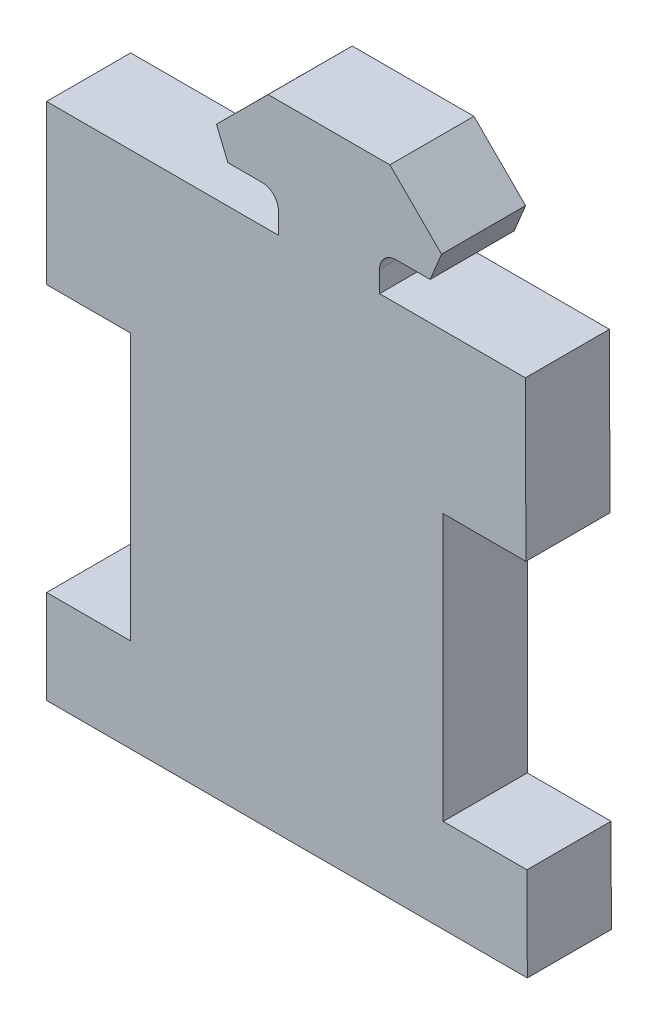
ISO-10303-21;
HEADER;
FILE_DESCRIPTION(('STEP AP214'),'2;1');
FILE_NAME('part.step','',(''),(''),'','','');
FILE_SCHEMA(('AUTOMOTIVE_DESIGN { 1 0 10303 214 1 1 1 1 }'));
ENDSEC;
DATA;
#1=APPLICATION_CONTEXT('core data for automotive mechanical design processes');
#2=APPLICATION_PROTOCOL_DEFINITION('international standard','automotive_design',2000,#1);
#3=PRODUCT_CONTEXT('',#1,'mechanical');
#4=PRODUCT('Part','Part','',(#3));
#5=PRODUCT_RELATED_PRODUCT_CATEGORY('part','',(#4));
#6=PRODUCT_DEFINITION_FORMATION('','',#4);
#7=PRODUCT_DEFINITION_CONTEXT('part definition',#1,'design');
#8=PRODUCT_DEFINITION('design','',#6,#7);
#9=PRODUCT_DEFINITION_SHAPE('','',#8);
#10=(LENGTH_UNIT() NAMED_UNIT(*) SI_UNIT(.MILLI.,.METRE.));
#11=(NAMED_UNIT(*) PLANE_ANGLE_UNIT() SI_UNIT($,.RADIAN.));
#12=(NAMED_UNIT(*) SI_UNIT($,.STERADIAN.) SOLID_ANGLE_UNIT());
#13=UNCERTAINTY_MEASURE_WITH_UNIT(LENGTH_MEASURE(1.E-05),#10,'distance_accuracy_value','');
#14=(GEOMETRIC_REPRESENTATION_CONTEXT(3) GLOBAL_UNCERTAINTY_ASSIGNED_CONTEXT((#13)) GLOBAL_UNIT_ASSIGNED_CONTEXT((#10,
#11,#12)) REPRESENTATION_CONTEXT('',''));
#15=CARTESIAN_POINT('',(0.,0.,0.));
#16=DIRECTION('',(0.,0.,1.));
#17=DIRECTION('',(1.,0.,0.));
#18=AXIS2_PLACEMENT_3D('',#15,#16,#17);
#19=CARTESIAN_POINT('',(-458.518450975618,-728.410011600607,5.3848));
#20=DIRECTION('',(1.,0.,0.));
#21=DIRECTION('',(0.,0.,-1.));
#22=AXIS2_PLACEMENT_3D('',#19,#20,#21);
#23=PLANE('',#22);
#24=DIRECTION('',(0.,-1.,0.));
#25=VECTOR('',#24,1.);
#26=CARTESIAN_POINT('',(-458.518450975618,-728.410011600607,5.3848));
#27=LINE('',#26,#25);
#28=CARTESIAN_POINT('',(-458.518450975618,-755.842088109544,5.3848));
#29=VERTEX_POINT('',#28);
#30=CARTESIAN_POINT('',(-458.518450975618,-761.832335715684,5.3848));
#31=VERTEX_POINT('',#30);
#32=EDGE_CURVE('E279',#29,#31,#27,.T.);
#33=ORIENTED_EDGE('',*,*,#32,.F.);
#34=DIRECTION('',(0.,0.,-1.));
#35=VECTOR('',#34,1.);
#36=CARTESIAN_POINT('',(-458.518450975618,-755.842088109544,23.2873866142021));
#37=LINE('',#36,#35);
#38=CARTESIAN_POINT('',(-458.518450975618,-755.842088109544,0.));
#39=VERTEX_POINT('',#38);
#40=EDGE_CURVE('E201',#29,#39,#37,.T.);
#41=ORIENTED_EDGE('',*,*,#40,.T.);
#42=DIRECTION('',(0.,-1.,0.));
#43=VECTOR('',#42,1.);
#44=CARTESIAN_POINT('',(-458.518450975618,-728.410011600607,0.));
#45=LINE('',#44,#43);
#46=CARTESIAN_POINT('',(-458.518450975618,-761.832335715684,0.));
#47=VERTEX_POINT('',#46);
#48=EDGE_CURVE('E275',#39,#47,#45,.T.);
#49=ORIENTED_EDGE('',*,*,#48,.T.);
#50=DIRECTION('',(0.,0.,-1.));
#51=VECTOR('',#50,1.);
#52=CARTESIAN_POINT('',(-458.518450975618,-761.832335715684,5.3848));
#53=LINE('',#52,#51);
#54=EDGE_CURVE('E40',#31,#47,#53,.T.);
#55=ORIENTED_EDGE('',*,*,#54,.F.);
#56=EDGE_LOOP('',(#33,#41,#49,#55));
#57=FACE_BOUND('',#56,.T.);
#58=ADVANCED_FACE('F32',(#57),#23,.F.);
#59=CARTESIAN_POINT('',(-427.733650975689,-761.832335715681,5.3848));
#60=DIRECTION('',(-0.999992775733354,-0.00380111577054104,0.));
#61=DIRECTION('',(0.00380111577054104,-0.999992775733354,0.));
#62=AXIS2_PLACEMENT_3D('',#59,#60,#61);
#63=PLANE('',#62);
#64=DIRECTION('',(-0.00380111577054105,0.999992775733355,0.));
#65=VECTOR('',#64,1.);
#66=CARTESIAN_POINT('',(-427.733650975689,-761.832335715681,0.));
#67=LINE('',#66,#65);
#68=CARTESIAN_POINT('',(-427.733650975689,-761.832335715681,0.));
#69=VERTEX_POINT('',#68);
#70=CARTESIAN_POINT('',(-427.756420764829,-755.842088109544,0.));
#71=VERTEX_POINT('',#70);
#72=EDGE_CURVE('E321',#69,#71,#67,.T.);
#73=ORIENTED_EDGE('',*,*,#72,.T.);
#74=DIRECTION('',(0.,0.,1.));
#75=VECTOR('',#74,1.);
#76=CARTESIAN_POINT('',(-427.756420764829,-755.842088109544,5.3848));
#77=LINE('',#76,#75);
#78=CARTESIAN_POINT('',(-427.756420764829,-755.842088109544,5.3848));
#79=VERTEX_POINT('',#78);
#80=EDGE_CURVE('E258',#71,#79,#77,.T.);
#81=ORIENTED_EDGE('',*,*,#80,.T.);
#82=DIRECTION('',(-0.00380111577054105,0.999992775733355,0.));
#83=VECTOR('',#82,1.);
#84=CARTESIAN_POINT('',(-427.733650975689,-761.832335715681,5.3848));
#85=LINE('',#84,#83);
#86=CARTESIAN_POINT('',(-427.733650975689,-761.832335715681,5.3848));
#87=VERTEX_POINT('',#86);
#88=EDGE_CURVE('E283',#87,#79,#85,.T.);
#89=ORIENTED_EDGE('',*,*,#88,.F.);
#90=DIRECTION('',(0.,0.,-1.));
#91=VECTOR('',#90,1.);
#92=CARTESIAN_POINT('',(-427.733650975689,-761.832335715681,5.3848));
#93=LINE('',#92,#91);
#94=EDGE_CURVE('E374',#87,#69,#93,.T.);
#95=ORIENTED_EDGE('',*,*,#94,.T.);
#96=EDGE_LOOP('',(#73,#81,#89,#95));
#97=FACE_BOUND('',#96,.T.);
#98=ADVANCED_FACE('F389',(#97),#63,.F.);
#99=CARTESIAN_POINT('',(-436.146138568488,-727.249300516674,0.));
#100=DIRECTION('',(0.,0.,1.));
#101=DIRECTION('',(1.,0.,0.));
#102=AXIS2_PLACEMENT_3D('',#99,#100,#101);
#103=PLANE('',#102);
#104=ORIENTED_EDGE('',*,*,#48,.F.);
#105=DIRECTION('',(-1.,0.,0.));
#106=VECTOR('',#105,1.);
#107=CARTESIAN_POINT('',(-458.518450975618,-755.842088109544,0.));
#108=LINE('',#107,#106);
#109=CARTESIAN_POINT('',(-453.133650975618,-755.842088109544,0.));
#110=VERTEX_POINT('',#109);
#111=EDGE_CURVE('E217',#110,#39,#108,.T.);
#112=ORIENTED_EDGE('',*,*,#111,.F.);
#113=DIRECTION('',(0.,-1.,0.));
#114=VECTOR('',#113,1.);
#115=CARTESIAN_POINT('',(-453.133650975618,-755.842088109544,0.));
#116=LINE('',#115,#114);
#117=CARTESIAN_POINT('',(-453.133650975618,-738.768525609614,0.));
#118=VERTEX_POINT('',#117);
#119=EDGE_CURVE('E211',#118,#110,#116,.T.);
#120=ORIENTED_EDGE('',*,*,#119,.F.);
#121=DIRECTION('',(1.,0.,0.));
#122=VECTOR('',#121,1.);
#123=CARTESIAN_POINT('',(-453.133650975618,-738.768525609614,0.));
#124=LINE('',#123,#122);
#125=CARTESIAN_POINT('',(-458.518450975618,-738.768525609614,0.));
#126=VERTEX_POINT('',#125);
#127=EDGE_CURVE('E222',#126,#118,#124,.T.);
#128=ORIENTED_EDGE('',*,*,#127,.F.);
#129=CARTESIAN_POINT('',(-458.518450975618,-728.608525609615,0.));
#130=VERTEX_POINT('',#129);
#131=EDGE_CURVE('E314',#130,#126,#45,.T.);
#132=ORIENTED_EDGE('',*,*,#131,.F.);
#133=DIRECTION('',(-1.,0.,0.));
#134=VECTOR('',#133,1.);
#135=CARTESIAN_POINT('',(-458.518450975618,-728.608525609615,0.));
#136=LINE('',#135,#134);
#137=CARTESIAN_POINT('',(-443.672150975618,-728.608525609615,0.));
#138=VERTEX_POINT('',#137);
#139=EDGE_CURVE('E229',#138,#130,#136,.T.);
#140=ORIENTED_EDGE('',*,*,#139,.F.);
#141=DIRECTION('',(0.,-1.,0.));
#142=VECTOR('',#141,1.);
#143=CARTESIAN_POINT('',(-443.672150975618,-727.249300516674,0.));
#144=LINE('',#143,#142);
#145=CARTESIAN_POINT('',(-443.672150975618,-727.249300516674,0.));
#146=VERTEX_POINT('',#145);
#147=EDGE_CURVE('E350',#146,#138,#144,.T.);
#148=ORIENTED_EDGE('',*,*,#147,.F.);
#149=CARTESIAN_POINT('',(-444.721163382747,-727.249300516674,0.));
#150=DIRECTION('',(0.,0.,-1.));
#151=DIRECTION('',(-1.,0.,0.));
#152=AXIS2_PLACEMENT_3D('',#149,#150,#151);
#153=CIRCLE('',#152,1.04901240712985);
#154=CARTESIAN_POINT('',(-444.721163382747,-726.200288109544,0.));
#155=VERTEX_POINT('',#154);
#156=EDGE_CURVE('E348',#155,#146,#153,.T.);
#157=ORIENTED_EDGE('',*,*,#156,.F.);
#158=DIRECTION('',(-1.,0.,0.));
#159=VECTOR('',#158,1.);
#160=CARTESIAN_POINT('',(-444.721163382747,-726.200288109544,0.));
#161=LINE('',#160,#159);
#162=CARTESIAN_POINT('',(-446.910439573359,-726.200288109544,0.));
#163=VERTEX_POINT('',#162);
#164=EDGE_CURVE('E345',#155,#163,#161,.T.);
#165=ORIENTED_EDGE('',*,*,#164,.T.);
#166=DIRECTION('',(-0.382154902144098,0.924098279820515,0.));
#167=VECTOR('',#166,1.);
#168=CARTESIAN_POINT('',(-446.910439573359,-726.200288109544,0.));
#169=LINE('',#168,#167);
#170=CARTESIAN_POINT('',(-447.640686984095,-724.434458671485,0.));
#171=VERTEX_POINT('',#170);
#172=EDGE_CURVE('E342',#163,#171,#169,.T.);
#173=ORIENTED_EDGE('',*,*,#172,.T.);
#174=DIRECTION('',(0.70791526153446,0.706297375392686,0.));
#175=VECTOR('',#174,1.);
#176=CARTESIAN_POINT('',(-447.640686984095,-724.434458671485,0.));
#177=LINE('',#176,#175);
#178=CARTESIAN_POINT('',(-444.331923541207,-721.133257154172,0.));
#179=VERTEX_POINT('',#178);
#180=EDGE_CURVE('E339',#171,#179,#177,.T.);
#181=ORIENTED_EDGE('',*,*,#180,.T.);
#182=DIRECTION('',(1.,0.,0.));
#183=VECTOR('',#182,1.);
#184=CARTESIAN_POINT('',(-444.331923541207,-721.133257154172,0.));
#185=LINE('',#184,#183);
#186=CARTESIAN_POINT('',(-436.535378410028,-721.133257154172,0.));
#187=VERTEX_POINT('',#186);
#188=EDGE_CURVE('E336',#179,#187,#185,.T.);
#189=ORIENTED_EDGE('',*,*,#188,.T.);
#190=DIRECTION('',(-0.70791526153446,0.706297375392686,0.));
#191=VECTOR('',#190,1.);
#192=CARTESIAN_POINT('',(-433.226614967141,-724.434458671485,0.));
#193=LINE('',#192,#191);
#194=CARTESIAN_POINT('',(-433.226614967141,-724.434458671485,0.));
#195=VERTEX_POINT('',#194);
#196=EDGE_CURVE('E333',#195,#187,#193,.T.);
#197=ORIENTED_EDGE('',*,*,#196,.F.);
#198=DIRECTION('',(0.382154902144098,0.924098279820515,0.));
#199=VECTOR('',#198,1.);
#200=CARTESIAN_POINT('',(-433.956862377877,-726.200288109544,0.));
#201=LINE('',#200,#199);
#202=CARTESIAN_POINT('',(-433.956862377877,-726.200288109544,0.));
#203=VERTEX_POINT('',#202);
#204=EDGE_CURVE('E331',#203,#195,#201,.T.);
#205=ORIENTED_EDGE('',*,*,#204,.F.);
#206=DIRECTION('',(1.,0.,0.));
#207=VECTOR('',#206,1.);
#208=CARTESIAN_POINT('',(-436.146138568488,-726.200288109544,0.));
#209=LINE('',#208,#207);
#210=CARTESIAN_POINT('',(-436.146138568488,-726.200288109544,0.));
#211=VERTEX_POINT('',#210);
#212=EDGE_CURVE('E329',#211,#203,#209,.T.);
#213=ORIENTED_EDGE('',*,*,#212,.F.);
#214=CARTESIAN_POINT('',(-436.146138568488,-727.249300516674,0.));
#215=DIRECTION('',(0.,0.,1.));
#216=DIRECTION('',(1.,0.,0.));
#217=AXIS2_PLACEMENT_3D('',#214,#215,#216);
#218=CIRCLE('',#217,1.04901240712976);
#219=CARTESIAN_POINT('',(-437.195150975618,-727.249300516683,0.));
#220=VERTEX_POINT('',#219);
#221=EDGE_CURVE('E326',#211,#220,#218,.T.);
#222=ORIENTED_EDGE('',*,*,#221,.T.);
#223=DIRECTION('',(0.,-1.,0.));
#224=VECTOR('',#223,1.);
#225=CARTESIAN_POINT('',(-437.195150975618,-727.249300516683,0.));
#226=LINE('',#225,#224);
#227=CARTESIAN_POINT('',(-437.195150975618,-728.608525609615,0.));
#228=VERTEX_POINT('',#227);
#229=EDGE_CURVE('E324',#220,#228,#226,.T.);
#230=ORIENTED_EDGE('',*,*,#229,.T.);
#231=DIRECTION('',(-0.999999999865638,-1.63927994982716E-05,0.));
#232=VECTOR('',#231,1.);
#233=CARTESIAN_POINT('',(-427.86069409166,-728.608372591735,0.));
#234=LINE('',#233,#232);
#235=CARTESIAN_POINT('',(-427.86069409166,-728.608372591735,0.));
#236=VERTEX_POINT('',#235);
#237=EDGE_CURVE('E262',#236,#228,#234,.T.);
#238=ORIENTED_EDGE('',*,*,#237,.F.);
#239=DIRECTION('',(-1.,0.,0.));
#240=VECTOR('',#239,1.);
#241=CARTESIAN_POINT('',(-427.613407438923,-728.608372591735,0.));
#242=LINE('',#241,#240);
#243=CARTESIAN_POINT('',(-427.859940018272,-728.608372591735,0.));
#244=VERTEX_POINT('',#243);
#245=EDGE_CURVE('E261',#244,#236,#242,.T.);
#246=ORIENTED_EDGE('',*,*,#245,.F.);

○ ○ ○ ○

- [What the task requires]: Retype the portion of the data above that starts on the line with "#101=DIRECTION('',(1.,0.,0.));" and finishes on the line with "#116=LINE('',#115,#114);", including both of those lines.

- [Solution for this problem]:
#101=DIRECTION('',(1.,0.,0.));
#102=AXIS2_PLACEMENT_3D('',#99,#100,#101);
#103=PLANE('',#102);
#104=ORIENTED_EDGE('',*,*,#48,.F.);
#105=DIRECTION('',(-1.,0.,0.));
#106=VECTOR('',#105,1.);
#107=CARTESIAN_POINT('',(-458.518450975618,-755.842088109544,0.));
#108=LINE('',#107,#106);
#109=CARTESIAN_POINT('',(-453.133650975618,-755.842088109544,0.));
#110=VERTEX_POINT('',#109);
#111=EDGE_CURVE('E217',#110,#39,#108,.T.);
#112=ORIENTED_EDGE('',*,*,#111,.F.);
#113=DIRECTION('',(0.,-1.,0.));
#114=VECTOR('',#113,1.);
#115=CARTESIAN_POINT('',(-453.133650975618,-755.842088109544,0.));
#116=LINE('',#115,#114);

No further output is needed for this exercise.